• EXERCISE DIRECTIONS:
Once the pictures are set aside, reproduce all of the records exactly.

(Excerpts from a dataset)
------------------------------

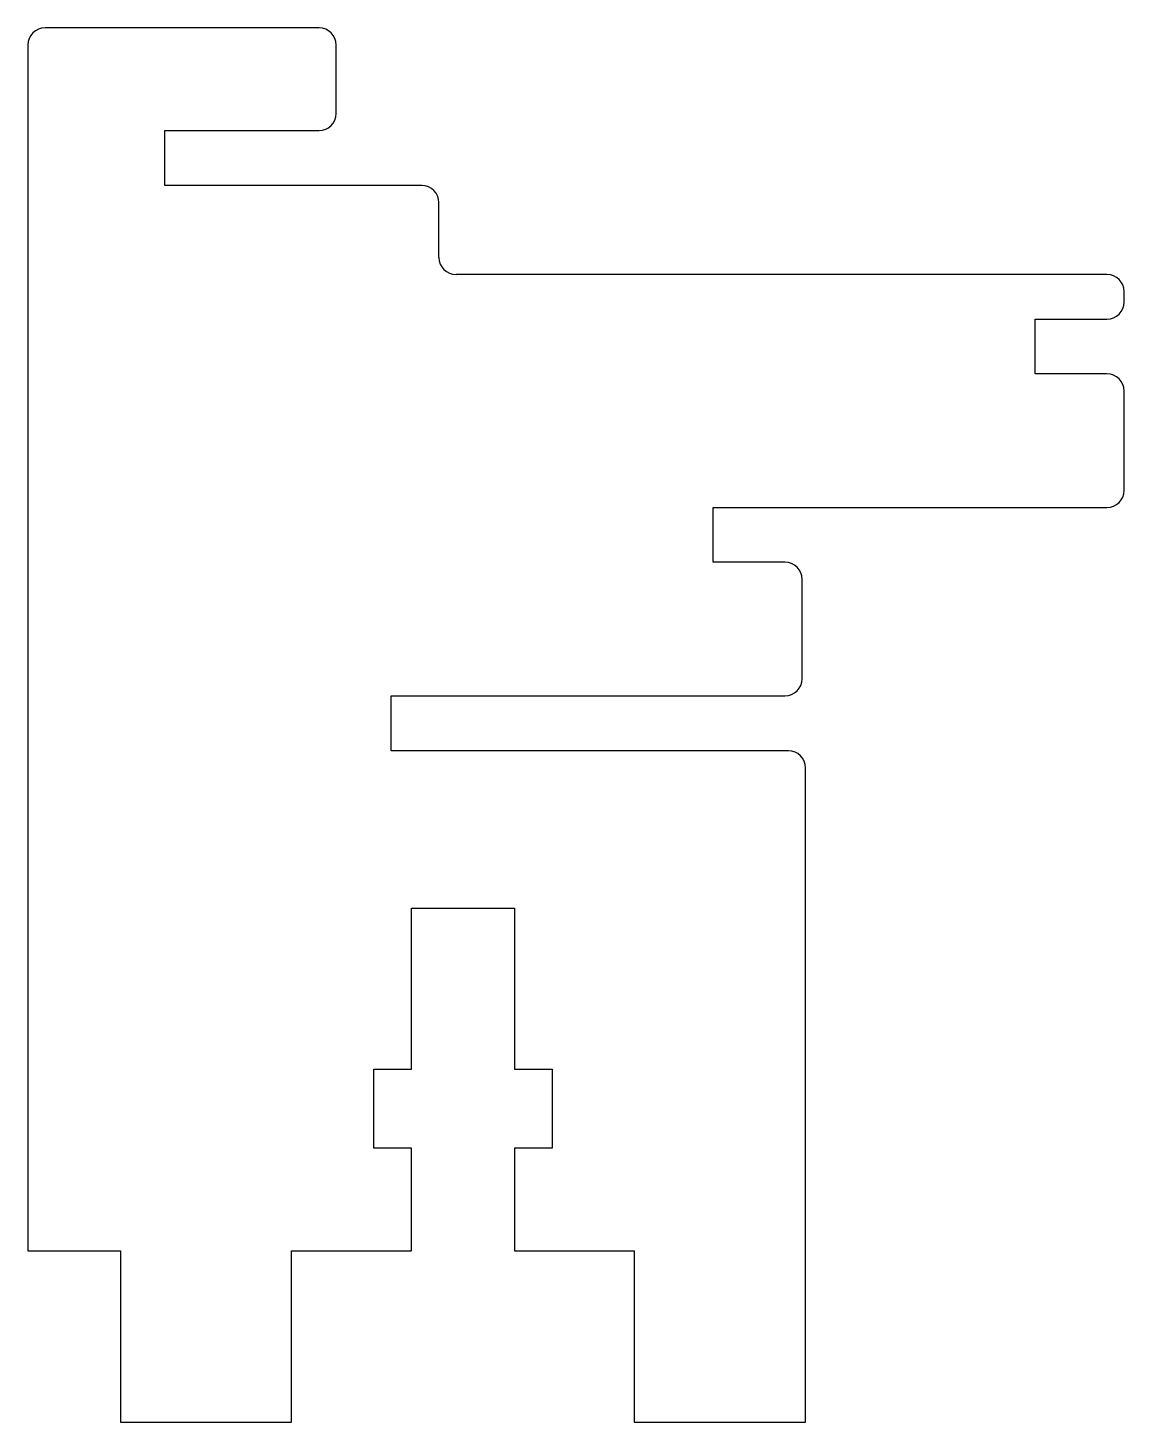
# Model space of a CAD drawing. Header units: millimetres. Extents: x -2.7 to 29.3, y 0 to 40.7.
import ezdxf

# ---------------------------------------------------------------- set-up
doc = ezdxf.new("R2010")
doc.units = ezdxf.units.MM

msp = doc.modelspace()

# ---------------------------------------------------------------- linework, layer by layer
at = {"color": 7, "linetype": 'Continuous', "lineweight": 25}
for p, q in [((5.8, 40.7), (-2.2, 40.7)), ((-2.7, 40.2), (-2.7, 5)), ((6.3, 38.2), (6.3, 40.2)), ((1.3, 37.7), (5.8, 37.7)), ((1.3, 36.1), (1.3, 37.7)), ((8.8, 36.1), (1.3, 36.1)), ((9.3, 34), (9.3, 35.6)), ((28.8, 33.5), (9.8, 33.5)), ((29.3, 32.7), (29.3, 33)), ((26.7, 32.2), (28.8, 32.2)), ((26.7, 30.6), (26.7, 32.2)), ((28.8, 30.6), (26.7, 30.6)), ((29.3, 27.2), (29.3, 30.1)), ((17.3, 26.7), (28.8, 26.7)), ((17.3, 25.1), (17.3, 26.7)), ((19.4, 25.1), (17.3, 25.1)), ((19.9, 21.7), (19.9, 24.6)), ((7.9, 21.2), (19.4, 21.2)), ((7.9, 19.6), (7.9, 21.2)), ((19.5, 19.6), (7.9, 19.6)), ((20, 0), (20, 19.1)), ((8.5, 15), (11.5, 15)), ((8.5, 10.3), (8.5, 15)), ((11.5, 15), (11.5, 10.3)), ((7.4, 10.3), (8.5, 10.3)), ((7.4, 8), (7.4, 10.3)), ((11.5, 10.3), (12.6, 10.3)), ((12.6, 10.3), (12.6, 8)), ((8.5, 8), (7.4, 8)), ((8.5, 5), (8.5, 8)), ((11.5, 8), (11.5, 5)), ((12.6, 8), (11.5, 8)), ((-2.7, 5), (0, 5)), ((0, 5), (0, 0)), ((5, 5), (8.5, 5)), ((5, 0), (5, 5)), ((11.5, 5), (15, 5)), ((15, 5), (15, 0)), ((0, 0), (5, 0)), ((15, 0), (20, 0))]:
    msp.add_line(p, q, dxfattribs=at)
for centre, start, end in [((-2.2, 40.2), 90, 180), ((5.8, 40.2), 0, 90), ((5.8, 38.2), 270, 0), ((8.8, 35.6), 0, 90), ((9.8, 34), 180, 270), ((28.8, 33), 0, 90), ((28.8, 32.7), 270, 0), ((28.8, 30.1), 0, 90), ((28.8, 27.2), 270, 0), ((19.4, 24.6), 0, 90), ((19.4, 21.7), 270, 0), ((19.5, 19.1), 0, 90)]:
    msp.add_arc(centre, 0.5, start, end, dxfattribs=at)

doc.saveas('drawing.dxf')

------------------------------

• RESPONSE:
# Model space of a CAD drawing. Header units: millimetres. Extents: x -2.7 to 29.3, y 0 to 40.7.
import ezdxf

# ---------------------------------------------------------------- set-up
doc = ezdxf.new("R2010")
doc.units = ezdxf.units.MM

msp = doc.modelspace()

# ---------------------------------------------------------------- linework, layer by layer
at = {"color": 7, "linetype": 'Continuous', "lineweight": 25}
for p, q in [((5.8, 40.7), (-2.2, 40.7)), ((-2.7, 40.2), (-2.7, 5)), ((6.3, 38.2), (6.3, 40.2)), ((1.3, 37.7), (5.8, 37.7)), ((1.3, 36.1), (1.3, 37.7)), ((8.8, 36.1), (1.3, 36.1)), ((9.3, 34), (9.3, 35.6)), ((28.8, 33.5), (9.8, 33.5)), ((29.3, 32.7), (29.3, 33)), ((26.7, 32.2), (28.8, 32.2)), ((26.7, 30.6), (26.7, 32.2)), ((28.8, 30.6), (26.7, 30.6)), ((29.3, 27.2), (29.3, 30.1)), ((17.3, 26.7), (28.8, 26.7)), ((17.3, 25.1), (17.3, 26.7)), ((19.4, 25.1), (17.3, 25.1)), ((19.9, 21.7), (19.9, 24.6)), ((7.9, 21.2), (19.4, 21.2)), ((7.9, 19.6), (7.9, 21.2)), ((19.5, 19.6), (7.9, 19.6)), ((20, 0), (20, 19.1)), ((8.5, 15), (11.5, 15)), ((8.5, 10.3), (8.5, 15)), ((11.5, 15), (11.5, 10.3)), ((7.4, 10.3), (8.5, 10.3)), ((7.4, 8), (7.4, 10.3)), ((11.5, 10.3), (12.6, 10.3)), ((12.6, 10.3), (12.6, 8)), ((8.5, 8), (7.4, 8)), ((8.5, 5), (8.5, 8)), ((11.5, 8), (11.5, 5)), ((12.6, 8), (11.5, 8)), ((-2.7, 5), (0, 5)), ((0, 5), (0, 0)), ((5, 5), (8.5, 5)), ((5, 0), (5, 5)), ((11.5, 5), (15, 5)), ((15, 5), (15, 0)), ((0, 0), (5, 0)), ((15, 0), (20, 0))]:
    msp.add_line(p, q, dxfattribs=at)
for centre, start, end in [((-2.2, 40.2), 90, 180), ((5.8, 40.2), 0, 90), ((5.8, 38.2), 270, 0), ((8.8, 35.6), 0, 90), ((9.8, 34), 180, 270), ((28.8, 33), 0, 90), ((28.8, 32.7), 270, 0), ((28.8, 30.1), 0, 90), ((28.8, 27.2), 270, 0), ((19.4, 24.6), 0, 90), ((19.4, 21.7), 270, 0), ((19.5, 19.1), 0, 90)]:
    msp.add_arc(centre, 0.5, start, end, dxfattribs=at)

doc.saveas('drawing.dxf')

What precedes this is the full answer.